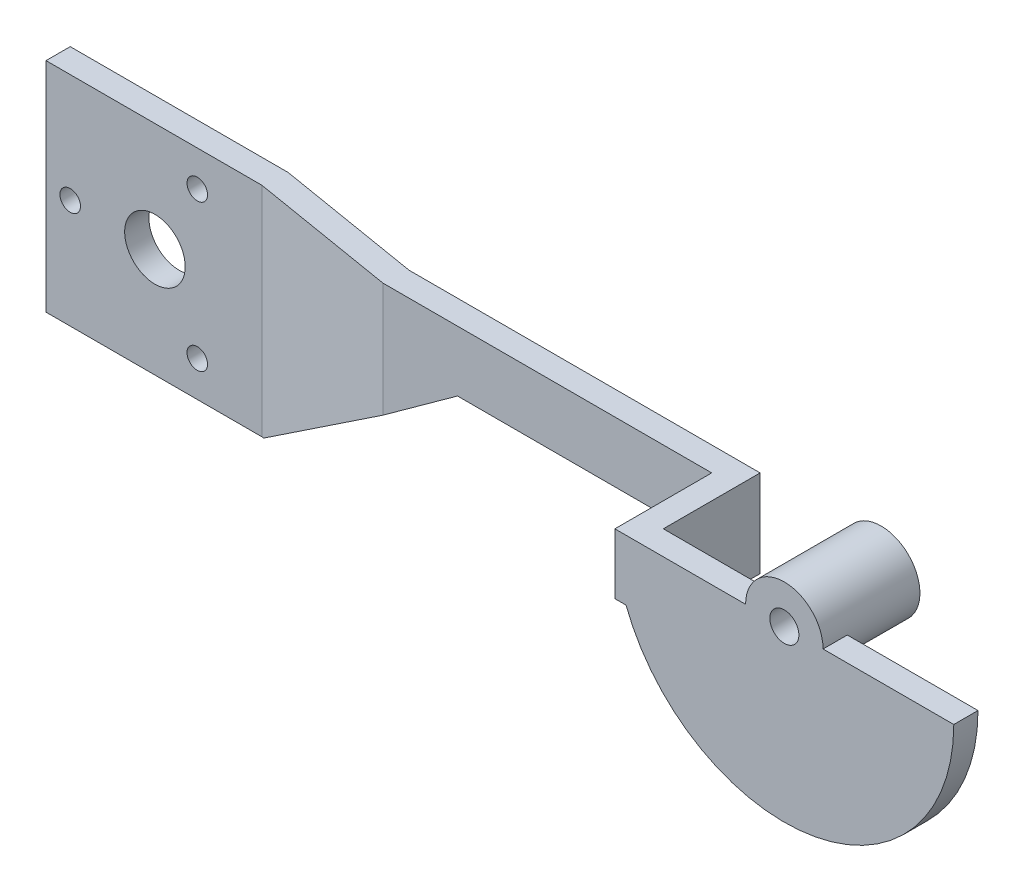
SolidWorks part; units mm, degrees
ref_plane "GAUCHE" through (0, 0, 0) normal (0, 0, 1) x (1, 0, 0)
ref_plane "Plan2" through (0, 0, 0) normal (0, 1, 0) x (1, 0, 0)
ref_plane "Plan3" through (0, 0, 0) normal (1, 0, 0) x (0, 0, -1)
sketch "Esquisse1" plane through (0, 0, 0) normal (0, 0, 1) x (1, 0, 0)
  line L0 (380, 45) -> (326, 45)
  line L1 (-45, 45) -> (-45, -45)
  line L2 (-45, -45) -> (45, -45)
  line L3 (45, -45) -> (135, 20)
  line L4 (135, 20) -> (244.6165, 20)
  line L11 (294, 45) -> (-45, 45)
  arc A0 (244.6165, 20) -> (380, 45) centre (310, 45) ccw
  arc A1 (326, 45) -> (294, 45) centre (310, 45) ccw
  circle A2 centre (310, 45) radius 6
  circle A3 centre (-35, 0) radius 4.25
  circle A4 centre (17.5, 30.3109) radius 4.25
  circle A5 centre (17.5, -30.3109) radius 4.25
  dimension "D8" = 12
  dimension "D10" = 70
  dimension "D11" = 8.5
  dimension "D15" = 60.6218
  dimension "D16" = 35
  dimension "D17" = 35
  dimension "D9" = 16
  dimension "D12" = 8.5
  dimension "D13" = 8.5
  dimension "D1" = 90
  dimension "D2" = 90
  dimension "D3" = 45
  dimension "D4" = 45
  dimension "D5" = 25
  dimension "D6" = 90
  dimension "D7" = 310
  dimension "D14" = 35
extrude "Base-Extrusion" add sketch "Esquisse1" along normal blind 60
sketch "Esquisse2" plane through (0, 45, 0) normal (0, 1, 0) x (-1, 0, 0)
  line L0 (-294, 50) -> (-294, 10)
  line L1 (-294, 60) -> (-294, 0) construction
  line L2 (-294, 50) -> (-250, 50)
  line L3 (-250, 50) -> (-250, 10)
  line L4 (-250, 10) -> (-105, 10)
  line L5 (-105, 10) -> (-45, 0)
  line L6 (-294, 0) -> (45, 0) construction
  line L7 (-45, 0) -> (-380, 0)
  line L8 (-380, 0) -> (-380, 50)
  line L9 (-380, 60) -> (-380, 0) construction
  line L10 (-380, 50) -> (-326, 50)
  line L11 (-326, 60) -> (-326, 0) construction
  line L12 (-326, 50) -> (-326, 10)
  line L13 (-326, 10) -> (-294, 10)
  line L15 (-240, 60) -> (-240, 20)
  line L16 (-294, 60) -> (45, 60) construction
  line L17 (-240, 20) -> (-104.1724, 20)
  line L18 (-104.1724, 20) -> (-44.1724, 10)
  line L19 (-44.1724, 10) -> (45, 10)
  line L20 (45, 60) -> (45, 0) construction
  line L21 (45, 10) -> (45, 60)
  line L22 (45, 60) -> (-240, 60)
  line L23 (-380, 60) -> (-326, 60) construction
  dimension "D1" = 285
  dimension "D2" = 10
  dimension "D3" = 10
  dimension "D4" = 10
  dimension "D5" = 90
  dimension "D6" = 150
  dimension "D7" = 10
  dimension "D8" = 10
  dimension "D9" = 10
  dimension "D10" = 10
  dimension "D11" = 10
extrude "Enlèv. mat.-Extru.1" cut sketch "Esquisse2" against normal through all
sketch "Esquisse3" plane through (0, 0, 0) normal (0, 0, -1) x (-1, 0, 0)
  line L2 (-304, 45) -> (-294, 45)
  line L3 (-326, 45) -> (-316, 45)
  line L4 (-304, 45) -> (-294, 45)
  line L5 (-326, 45) -> (-316, 45)
  arc A2 (-294, 45) -> (-326, 45) centre (-310, 45) ccw
  arc A3 (-304, 45) -> (-316, 45) centre (-310, 45) ccw
  arc A4 (-294, 45) -> (-326, 45) centre (-310, 45) ccw
  arc A5 (-304, 45) -> (-316, 45) centre (-310, 45) ccw
  dimension "D1" = 0
extrude "Enlèv. mat.-Extru.2" cut sketch "Esquisse3" against normal blind 10
sketch "Esquisse4" plane through (0, 0, 10) normal (0, 0, -1) x (-1, 0, 0)
  line L2 (-294, -23.1469) -> (-294, 45)
  line L3 (-326, 45) -> (-326, -23.1469)
  line L4 (-294, -23.1469) -> (-294, 45)
  line L5 (-326, 45) -> (-326, -23.1469)
  arc A0 (-326, 45) -> (-294, 45) centre (-310, 45) ccw
  arc A2 (-294, 45) -> (-326, 45) centre (-310, 45) ccw
  arc A3 (-326, -23.1469) -> (-294, -23.1469) centre (-310, 45) ccw
  arc A5 (-326, -23.1469) -> (-294, -23.1469) centre (-310, 45) ccw
  dimension "D1" = 0
extrude "Enlèv. mat.-Extru.3" cut sketch "Esquisse4" against normal blind 40
sketch "Esquisse5" plane through (0, 0, 10) normal (0, 0, 1) x (1, 0, 0)
  circle A0 centre (0, 0) radius 12.5
  dimension "D1" = 25
extrude "Enlèv. mat.-Extru.4" cut sketch "Esquisse5" against normal through all
sketch "Esquisse6" plane through (0, 0, 10) normal (0, 0, -1) x (-1, 0, 0)
  circle A0 centre (-310, 45) radius 16
  circle A1 centre (-310, 45) radius 6
  circle A2 centre (-310, 45) radius 6 construction
  dimension "D1" = 12
  dimension "D2" = 32
extrude "Enlèv. mat.-Extru.5" cut sketch "Esquisse6" against normal blind 10

Description of the task - Each record above must be returned exactly as written, with its pictures omitted.

Expected answer -
SolidWorks part; units mm, degrees
ref_plane "GAUCHE" through (0, 0, 0) normal (0, 0, 1) x (1, 0, 0)
ref_plane "Plan2" through (0, 0, 0) normal (0, 1, 0) x (1, 0, 0)
ref_plane "Plan3" through (0, 0, 0) normal (1, 0, 0) x (0, 0, -1)
sketch "Esquisse1" plane through (0, 0, 0) normal (0, 0, 1) x (1, 0, 0)
  line L0 (380, 45) -> (326, 45)
  line L1 (-45, 45) -> (-45, -45)
  line L2 (-45, -45) -> (45, -45)
  line L3 (45, -45) -> (135, 20)
  line L4 (135, 20) -> (244.6165, 20)
  line L11 (294, 45) -> (-45, 45)
  arc A0 (244.6165, 20) -> (380, 45) centre (310, 45) ccw
  arc A1 (326, 45) -> (294, 45) centre (310, 45) ccw
  circle A2 centre (310, 45) radius 6
  circle A3 centre (-35, 0) radius 4.25
  circle A4 centre (17.5, 30.3109) radius 4.25
  circle A5 centre (17.5, -30.3109) radius 4.25
  dimension "D8" = 12
  dimension "D10" = 70
  dimension "D11" = 8.5
  dimension "D15" = 60.6218
  dimension "D16" = 35
  dimension "D17" = 35
  dimension "D9" = 16
  dimension "D12" = 8.5
  dimension "D13" = 8.5
  dimension "D1" = 90
  dimension "D2" = 90
  dimension "D3" = 45
  dimension "D4" = 45
  dimension "D5" = 25
  dimension "D6" = 90
  dimension "D7" = 310
  dimension "D14" = 35
extrude "Base-Extrusion" add sketch "Esquisse1" along normal blind 60
sketch "Esquisse2" plane through (0, 45, 0) normal (0, 1, 0) x (-1, 0, 0)
  line L0 (-294, 50) -> (-294, 10)
  line L1 (-294, 60) -> (-294, 0) construction
  line L2 (-294, 50) -> (-250, 50)
  line L3 (-250, 50) -> (-250, 10)
  line L4 (-250, 10) -> (-105, 10)
  line L5 (-105, 10) -> (-45, 0)
  line L6 (-294, 0) -> (45, 0) construction
  line L7 (-45, 0) -> (-380, 0)
  line L8 (-380, 0) -> (-380, 50)
  line L9 (-380, 60) -> (-380, 0) construction
  line L10 (-380, 50) -> (-326, 50)
  line L11 (-326, 60) -> (-326, 0) construction
  line L12 (-326, 50) -> (-326, 10)
  line L13 (-326, 10) -> (-294, 10)
  line L15 (-240, 60) -> (-240, 20)
  line L16 (-294, 60) -> (45, 60) construction
  line L17 (-240, 20) -> (-104.1724, 20)
  line L18 (-104.1724, 20) -> (-44.1724, 10)
  line L19 (-44.1724, 10) -> (45, 10)
  line L20 (45, 60) -> (45, 0) construction
  line L21 (45, 10) -> (45, 60)
  line L22 (45, 60) -> (-240, 60)
  line L23 (-380, 60) -> (-326, 60) construction
  dimension "D1" = 285
  dimension "D2" = 10
  dimension "D3" = 10
  dimension "D4" = 10
  dimension "D5" = 90
  dimension "D6" = 150
  dimension "D7" = 10
  dimension "D8" = 10
  dimension "D9" = 10
  dimension "D10" = 10
  dimension "D11" = 10
extrude "Enlèv. mat.-Extru.1" cut sketch "Esquisse2" against normal through all
sketch "Esquisse3" plane through (0, 0, 0) normal (0, 0, -1) x (-1, 0, 0)
  line L2 (-304, 45) -> (-294, 45)
  line L3 (-326, 45) -> (-316, 45)
  line L4 (-304, 45) -> (-294, 45)
  line L5 (-326, 45) -> (-316, 45)
  arc A2 (-294, 45) -> (-326, 45) centre (-310, 45) ccw
  arc A3 (-304, 45) -> (-316, 45) centre (-310, 45) ccw
  arc A4 (-294, 45) -> (-326, 45) centre (-310, 45) ccw
  arc A5 (-304, 45) -> (-316, 45) centre (-310, 45) ccw
  dimension "D1" = 0
extrude "Enlèv. mat.-Extru.2" cut sketch "Esquisse3" against normal blind 10
sketch "Esquisse4" plane through (0, 0, 10) normal (0, 0, -1) x (-1, 0, 0)
  line L2 (-294, -23.1469) -> (-294, 45)
  line L3 (-326, 45) -> (-326, -23.1469)
  line L4 (-294, -23.1469) -> (-294, 45)
  line L5 (-326, 45) -> (-326, -23.1469)
  arc A0 (-326, 45) -> (-294, 45) centre (-310, 45) ccw
  arc A2 (-294, 45) -> (-326, 45) centre (-310, 45) ccw
  arc A3 (-326, -23.1469) -> (-294, -23.1469) centre (-310, 45) ccw
  arc A5 (-326, -23.1469) -> (-294, -23.1469) centre (-310, 45) ccw
  dimension "D1" = 0
extrude "Enlèv. mat.-Extru.3" cut sketch "Esquisse4" against normal blind 40
sketch "Esquisse5" plane through (0, 0, 10) normal (0, 0, 1) x (1, 0, 0)
  circle A0 centre (0, 0) radius 12.5
  dimension "D1" = 25
extrude "Enlèv. mat.-Extru.4" cut sketch "Esquisse5" against normal through all
sketch "Esquisse6" plane through (0, 0, 10) normal (0, 0, -1) x (-1, 0, 0)
  circle A0 centre (-310, 45) radius 16
  circle A1 centre (-310, 45) radius 6
  circle A2 centre (-310, 45) radius 6 construction
  dimension "D1" = 12
  dimension "D2" = 32
extrude "Enlèv. mat.-Extru.5" cut sketch "Esquisse6" against normal blind 10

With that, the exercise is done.